Senators call on White House to release FDA guidance on lab-developed tests

Five senate Democrats called for the White House Office of Management and Budget to release a long-sequestered FDA draft guidance on laboratory-developed tests for public comment. In a letter to OMB acting director Brian Deese, they urged him to release the proposed regulation "to ensure appropriate and efficient oversight of diagnostic tools can move forward in an open and transparent manner."

The FDA has traditionally opted not to regulate LDTs under its "enforcement discretion" doctrine, and instead left their validation to the states under the Clinical Laboratory Improvement Amendments, a standard that must be met by labs in order to receive Medicare or Medicaid payments. Since at least 2010 the agency has shifted its stance, and says it wants to regulate the tests due to their increasing complexity, but the draft guidance has been languishing in OMB for "several years," according to the letter.

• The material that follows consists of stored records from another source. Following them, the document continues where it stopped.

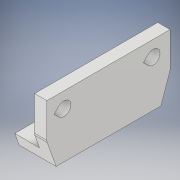
# Autodesk Inventor part: Y-axis Belt Idler 1
Saved by Autodesk Inventor 2018 (Build 220112000, 112)
## iProperties
Created: 2013-10-27
Part Number: Y-axis Belt Idler 1
Material: ASA Plastic
Document SubType Name: Modeling
Designer: Gabriel Smolnycki
Mass: 4.57544 g
Surface Area: 28.6329 cm^2
Volume: 4.27611 cm^3
Density: 1.07 g/cm^3
Appearance: Smooth - White ASA
Sending System: SolidWorks 2017
Last Author: Gabriel Smolnycki
Last Saved: 2017-09-14
Author: Gabriel Smolnycki
Autodesk Inventor part; units mm, degrees
ref_plane "YZ Plane" through (0, 0, 0) normal (1, 0, 0) x (0, 1, 0)
ref_plane "XZ Plane" through (0, 0, 0) normal (0, 1, 0) x (-1, 0, 0)
ref_plane "XY Plane" through (0, 0, 0) normal (0, 0, 1) x (1, 0, 0)
sketch "Sketch1" plane through (0, 0, 0) normal (0, 0, 1) x (1, 0, 0)
  line L0 (-3, 0) -> (-3, 20)
  line L1 (-15, 0) -> (-3, 0)
  line L2 (-15, 4) -> (-15, 0)
  line L3 (-7, 4) -> (-15, 4)
  line L4 (-7, 20) -> (-7, 4)
  line L5 (-3, 20) -> (-7, 20)
  constraints: 12 end point, 3 horizontal, 3 vertical, 1 perpendicular
extrude "Extrusion4" add sketch "Sketch1" along normal blind 40
sketch "Sketch2" plane through (-15, 4, 0) normal (0, 1, 0) x (1, 0, 0)
  arc A0 (5.591, -13.591) -> (2.409, -13.591) centre (4, -12) ccw
  line L0 (4, -15.182) -> (5.591, -13.591)
  line L1 (2.409, -13.591) -> (4, -15.182)
  line L2 (8, 0) -> (0, 0) projected
  line L3 (0, 0) -> (0, -40) projected
  arc A1 (5.591, -29.591) -> (2.409, -29.591) centre (4, -28) ccw
  line L4 (4, -31.182) -> (5.591, -29.591)
  line L5 (2.409, -29.591) -> (4, -31.182)
  line L6 (8, -40) -> (0, -40) projected
  dimension "d8" = 2.25
  dimension "d9" = 12
  dimension "d10" = 4
  dimension "d11" = 2.25
  dimension "d12" = 2.25
  dimension "d13" = 2.25
  dimension "d14" = 12
  dimension "d15" = 4
  constraints: 8 end point, 4 perpendicular, 4 point on circle, 2 centre point, 2 vertical alignment
  measures "d8" radius of A0
  measures "d9" distance from line of A0.centre L2
  measures "d10" distance from line of L3 A0.centre
  measures "d11" distance of L1.start L0.start
  measures "d12" radius of A1
  measures "d13" distance of L5.start L4.start
  measures "d14" distance from line of L6 A1.centre
  measures "d15" distance from line of L3 A1.centre
extrude "Extrusion3" cut sketch "Sketch2" against normal blind 4
sketch "Sketch3" plane through (-7, 4, 0) normal (-1, 0, 0) x (0, 0, 1)
  arc A0 (7.091, 12.591) -> (7.091, 9.409) centre (5.5, 11) ccw
  line L0 (8.682, 11) -> (7.091, 9.409)
  line L1 (7.091, 12.591) -> (8.682, 11)
  constraints: 4 end point, 2 perpendicular, 2 point on circle, 1 centre point
extrude "Extrusion2" cut sketch "Sketch3" against normal blind 4 draft 0
sketch "Sketch4" plane through (-7, 4, 0) normal (-1, 0, 0) x (0, 0, 1)
  arc A0 (36.091, 12.591) -> (36.091, 9.409) centre (34.5, 11) ccw
  line L0 (37.682, 11) -> (36.091, 9.409)
  line L1 (36.091, 12.591) -> (37.682, 11)
  constraints: 4 end point, 2 perpendicular, 2 point on circle, 1 centre point
extrude "Extrusion1" cut sketch "Sketch4" against normal blind 4 draft 0
sketch "Sketch5" plane through (-3, 0, 0) normal (1, 0, 0) x (0, 0, -1)
  arc A0 (-36.091, 13.409) -> (-36.091, 16.591) centre (-34.5, 15) ccw projected
  line L0 (-40, 0) -> (-40, 20) projected
  circle A1 centre (-34.5, 15) radius 6.5 construction
  line L1 (0, 0) -> (-40, 0) projected
  line L2 (-37, 0) -> (-39.886, 8.1769)
  arc A2 (-40, 8.8426) -> (-39.886, 8.1769) centre (-38, 8.8426) ccw
  line L3 (-37, 0) -> (-40, 0)
  line L4 (-40, 0) -> (-40, 8.8426)
  line L5 (-20, 22.0768) -> (-20, -2.8383) construction
  line L6 (-3, 0) -> (-0.114, 8.1769)
  arc A3 (-0.114, 8.1769) -> (0, 8.8426) centre (-2, 8.8426) ccw
  line L7 (-3, 0) -> (0, 0)
  line L8 (0, 0) -> (0, 8.8426)
  point P0 (-40, 8.5)
  dimension "d16" = 13
  dimension "d17" = 3
  dimension "d18" = 6.5
  dimension "d19" = 2
  constraints: 14 end point, 4 point on circle, 4 symmetric about line, 3 centre point, 3 point on line, 1 coincident, 1 collinear, 1 horizontal alignment, 1 perpendicular, 1 tangent, 1 vertical, 1 other
  measures "d16" diameter of A1
  measures "d17" distance of L0.start L2.start
  measures "d18" vertical distance of point (-40, 8.5) A0.centre
  measures "d19" radius of A2
extrude "Extrusion7" cut sketch "Sketch5" against normal through all
body "Solid3"

"Many of these new diagnostic tools, widely developed and marketed as LDTs, are intended to help diagnose disease earlier, more effectively, less invasively, or in many cases, are the only pathology test available to diagnose a medical condition. These tests and their results are increasingly relied on by patients and medical to help predict the most appropriate course of treatment and care. These tests hold great promise to customize healthcare to be more efficient and targeted for an individual patient," the senators wrote.

They cited an April 2014 notice from the Centers for Disease Control and Prevention that said a common LDT to detect Lyme disease results in many false-positives and recommended using an FDA-approved diagnostics for the disease.

The current, two-tier regulatory system is inconsistent and confusing, the senators said. Manufacturers of LDTs and testing equipment must receive a PMA or 510(k) from the FDA to distribute their product, but "an independent laboratory can develop and use a LDT diagnostic test, for an infinite number of patients, without ever being subject to these same pre-market reviews," the letter points out. Instead, the lab must meet the CLIA rules, administered by the states and CMS, before disseminating the test's results.

The senators wrote that the delay violates a 1993 executive order issued by President Clinton which calls for OMB to review all regulatory policies within 90 days.

Support for FDA regulation of LDTs is far from unanimous on Capitol Hill. Rep. Michael Burgess (R-TX) introduced a bill in 2011 that would ban the FDA from regulating genetic diagnostic testing, according to the Patent Docs IP blog. However, the opposition to the draft guidance stems from someone who works for the White House, for OMB is an executive branch agency that helps agencies implement the commitments and priorities of the President.